Data records:
******

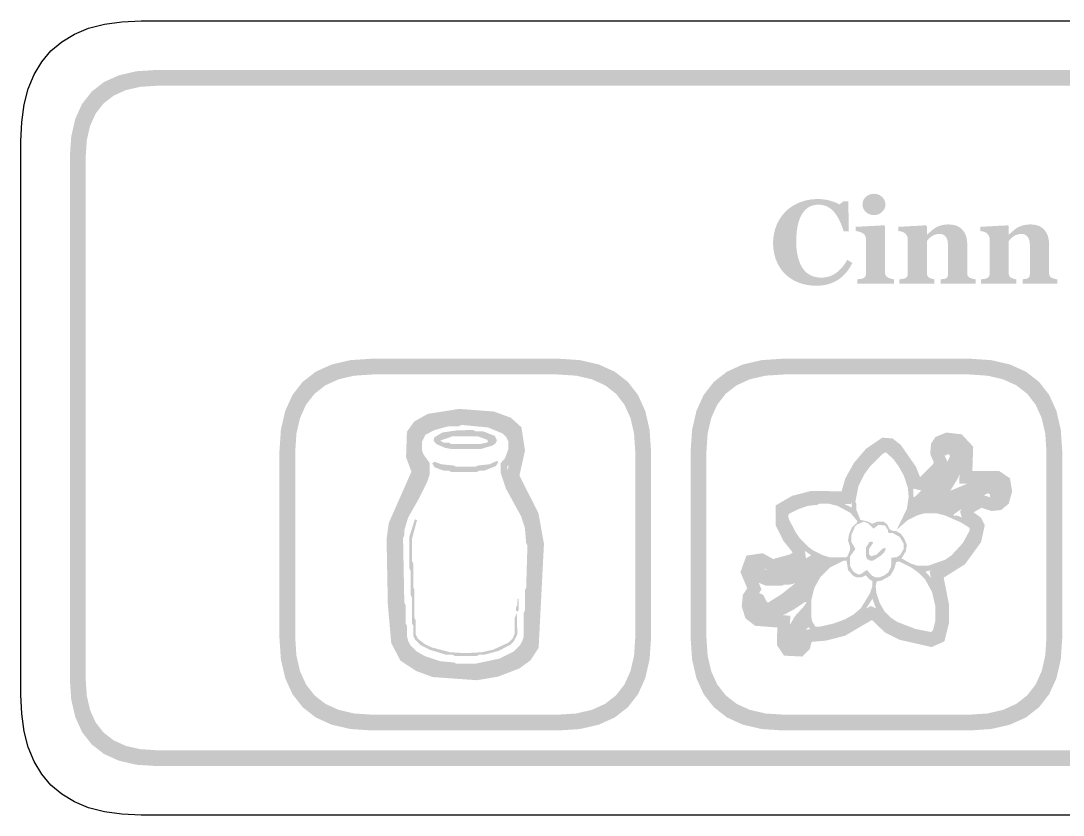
# Model space of a CAD drawing. Header units: millimetres. Extents: x 6 to 297, y 55 to 451.
# Drawn here: x 206.96 to 233.32, y 431.16 to 451.24 of the extents above; entities that cross this region are included whole.
import ezdxf

# ---------------------------------------------------------------- set-up
doc = ezdxf.new("R2010")
doc.units = ezdxf.units.MM
doc.layers.add('CUT', color=1, linetype='Continuous')
doc.layers.add('RASTER', color=7, linetype='Continuous')

msp = doc.modelspace()

# ---------------------------------------------------------------- hatches: boundary and pattern name
at = {"layer": 'RASTER'}
h = msp.add_hatch(color=7, dxfattribs=at)
h.paths.add_polyline_path([(208.2, 447.8), (208.234, 448.316), (208.337, 448.763), (208.509, 449.141), (208.75, 449.45), (209.059, 449.691), (209.438, 449.863), (209.884, 449.966), (210.4, 450), (267.6, 450), (268.116, 449.966), (268.563, 449.863), (268.941, 449.691), (269.25, 449.45), (269.491, 449.141), (269.663, 448.763), (269.766, 448.316), (269.8, 447.8), (269.8, 434.6), (269.766, 434.084), (269.662, 433.638), (269.491, 433.259), (269.25, 432.95), (268.941, 432.709), (268.563, 432.537), (268.116, 432.434), (267.6, 432.4), (210.4, 432.4), (209.884, 432.434), (209.438, 432.537), (209.059, 432.709), (208.75, 432.95), (208.509, 433.259), (208.337, 433.638), (208.234, 434.084), (208.2, 434.6)])
h.paths.add_polyline_path([(208.6, 447.8), (208.6, 434.6), (208.628, 434.178), (208.712, 433.813), (208.853, 433.503), (209.05, 433.25), (209.303, 433.053), (209.613, 432.912), (209.978, 432.828), (210.4, 432.8), (267.6, 432.8), (268.022, 432.828), (268.388, 432.912), (268.697, 433.053), (268.95, 433.25), (269.147, 433.503), (269.287, 433.813), (269.372, 434.178), (269.4, 434.6), (269.4, 447.8), (269.372, 448.222), (269.287, 448.588), (269.147, 448.897), (268.95, 449.15), (268.697, 449.347), (268.388, 449.488), (268.022, 449.572), (267.6, 449.6), (210.4, 449.6), (209.978, 449.572), (209.613, 449.488), (209.303, 449.347), (209.05, 449.15), (208.853, 448.897), (208.712, 448.588), (208.628, 448.222), (208.6, 447.8)], flags=0)
h = msp.add_hatch(color=7, dxfattribs=at)
h.paths.add_polyline_path([(229.04, 444.6), (228.114, 444.6), (228.114, 444.707), (228.124, 444.708), (228.133, 444.708), (228.142, 444.709), (228.152, 444.71), (228.161, 444.711), (228.17, 444.712), (228.18, 444.713), (228.189, 444.714), (228.198, 444.715), (228.206, 444.717), (228.215, 444.718), (228.223, 444.72), (228.23, 444.722), (228.238, 444.724), (228.245, 444.726), (228.252, 444.729), (228.263, 444.734), (228.273, 444.739), (228.283, 444.744), (228.292, 444.75), (228.299, 444.757), (228.306, 444.764), (228.312, 444.771), (228.318, 444.779), (228.322, 444.788), (228.326, 444.797), (228.329, 444.807), (228.332, 444.818), (228.334, 444.829), (228.335, 444.841), (228.336, 444.853), (228.337, 444.867), (228.337, 445.719), (228.336, 445.732), (228.335, 445.744), (228.333, 445.756), (228.331, 445.767), (228.328, 445.778), (228.323, 445.789), (228.319, 445.799), (228.313, 445.809), (228.307, 445.819), (228.301, 445.828), (228.294, 445.836), (228.287, 445.844), (228.279, 445.852), (228.271, 445.859), (228.263, 445.865), (228.255, 445.871), (228.248, 445.876), (228.24, 445.88), (228.231, 445.884), (228.221, 445.889), (228.211, 445.893), (228.2, 445.897), (228.188, 445.901), (228.175, 445.905), (228.162, 445.909), (228.149, 445.912), (228.136, 445.916), (228.124, 445.918), (228.112, 445.921), (228.1, 445.923), (228.089, 445.924), (228.077, 445.926), (228.077, 446.033), (228.795, 446.071), (228.817, 446.049), (228.817, 444.886), (228.817, 444.873), (228.819, 444.861), (228.82, 444.849), (228.823, 444.838), (228.826, 444.828), (228.829, 444.817), (228.834, 444.808), (228.839, 444.798), (228.845, 444.79), (228.851, 444.782), (228.858, 444.774), (228.866, 444.767), (228.874, 444.761), (228.883, 444.755), (228.892, 444.75), (228.902, 444.745), (228.91, 444.742), (228.917, 444.739), (228.925, 444.736), (228.933, 444.733), (228.941, 444.73), (228.949, 444.727), (228.958, 444.724), (228.967, 444.722), (228.975, 444.719), (228.984, 444.717), (228.993, 444.715), (229.002, 444.713), (229.012, 444.711), (229.021, 444.709), (229.03, 444.708), (229.04, 444.707)])
h.paths.add_polyline_path([(228.826, 446.598), (228.825, 446.571), (228.821, 446.544), (228.814, 446.519), (228.805, 446.495), (228.792, 446.472), (228.778, 446.45), (228.76, 446.428), (228.74, 446.408), (228.718, 446.39), (228.695, 446.374), (228.672, 446.361), (228.647, 446.35), (228.621, 446.341), (228.594, 446.335), (228.566, 446.331), (228.537, 446.33), (228.508, 446.331), (228.48, 446.335), (228.453, 446.341), (228.427, 446.35), (228.402, 446.361), (228.378, 446.374), (228.355, 446.39), (228.333, 446.408), (228.313, 446.428), (228.296, 446.45), (228.281, 446.472), (228.269, 446.495), (228.259, 446.519), (228.253, 446.544), (228.249, 446.571), (228.247, 446.598), (228.249, 446.625), (228.253, 446.652), (228.259, 446.677), (228.269, 446.701), (228.281, 446.725), (228.296, 446.747), (228.313, 446.768), (228.333, 446.788), (228.355, 446.807), (228.378, 446.823), (228.402, 446.837), (228.427, 446.848), (228.453, 446.856), (228.48, 446.863), (228.508, 446.866), (228.537, 446.868), (228.566, 446.866), (228.595, 446.863), (228.622, 446.856), (228.648, 446.848), (228.673, 446.837), (228.696, 446.823), (228.719, 446.807), (228.741, 446.788), (228.761, 446.768), (228.778, 446.747), (228.793, 446.725), (228.805, 446.701), (228.814, 446.677), (228.821, 446.652), (228.825, 446.625), (228.826, 446.598)])
for points in [[(227.074, 444.544), (227.017, 444.545), (226.962, 444.549), (226.907, 444.555), (226.853, 444.563), (226.8, 444.573), (226.748, 444.586), (226.697, 444.601), (226.646, 444.618), (226.597, 444.638), (226.55, 444.659), (226.504, 444.683), (226.46, 444.709), (226.417, 444.737), (226.376, 444.767), (226.337, 444.799), (226.299, 444.833), (226.264, 444.868), (226.23, 444.906), (226.199, 444.945), (226.169, 444.987), (226.142, 445.03), (226.116, 445.076), (226.092, 445.124), (226.071, 445.173), (226.051, 445.225), (226.034, 445.277), (226.02, 445.331), (226.008, 445.386), (225.999, 445.443), (225.992, 445.5), (225.988, 445.559), (225.987, 445.62), (225.988, 445.679), (225.992, 445.738), (225.999, 445.796), (226.008, 445.852), (226.02, 445.908), (226.034, 445.962), (226.052, 446.015), (226.071, 446.067), (226.093, 446.118), (226.118, 446.167), (226.144, 446.214), (226.173, 446.259), (226.203, 446.303), (226.236, 446.345), (226.271, 446.385), (226.308, 446.424), (226.346, 446.46), (226.386, 446.494), (226.428, 446.525), (226.472, 446.555), (226.518, 446.583), (226.566, 446.608), (226.615, 446.632), (226.667, 446.653), (226.72, 446.672), (226.773, 446.689), (226.828, 446.703), (226.884, 446.714), (226.94, 446.723), (226.997, 446.729), (227.056, 446.733), (227.115, 446.734), (227.158, 446.734), (227.199, 446.732), (227.24, 446.728), (227.28, 446.724), (227.319, 446.718), (227.357, 446.711), (227.394, 446.702), (227.43, 446.693), (227.465, 446.682), (227.498, 446.671), (227.53, 446.66), (227.561, 446.648), (227.59, 446.636), (227.618, 446.624), (227.645, 446.611), (227.67, 446.598), (227.761, 446.679), (227.888, 446.679), (227.902, 445.92), (227.773, 445.92), (227.745, 446.004), (227.715, 446.082), (227.684, 446.154), (227.652, 446.221), (227.618, 446.282), (227.583, 446.337), (227.547, 446.386), (227.509, 446.43), (227.47, 446.468), (227.428, 446.501), (227.384, 446.529), (227.338, 446.552), (227.29, 446.569), (227.24, 446.582), (227.188, 446.59), (227.134, 446.592), (227.067, 446.588), (227.005, 446.577), (226.946, 446.558), (226.892, 446.532), (226.841, 446.497), (226.795, 446.456), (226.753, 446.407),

******

Your instructions ▸
The word "units" occurs in some lines of the data above; report how many such lines there are, with no other words.

Answer to this exercise ▸
2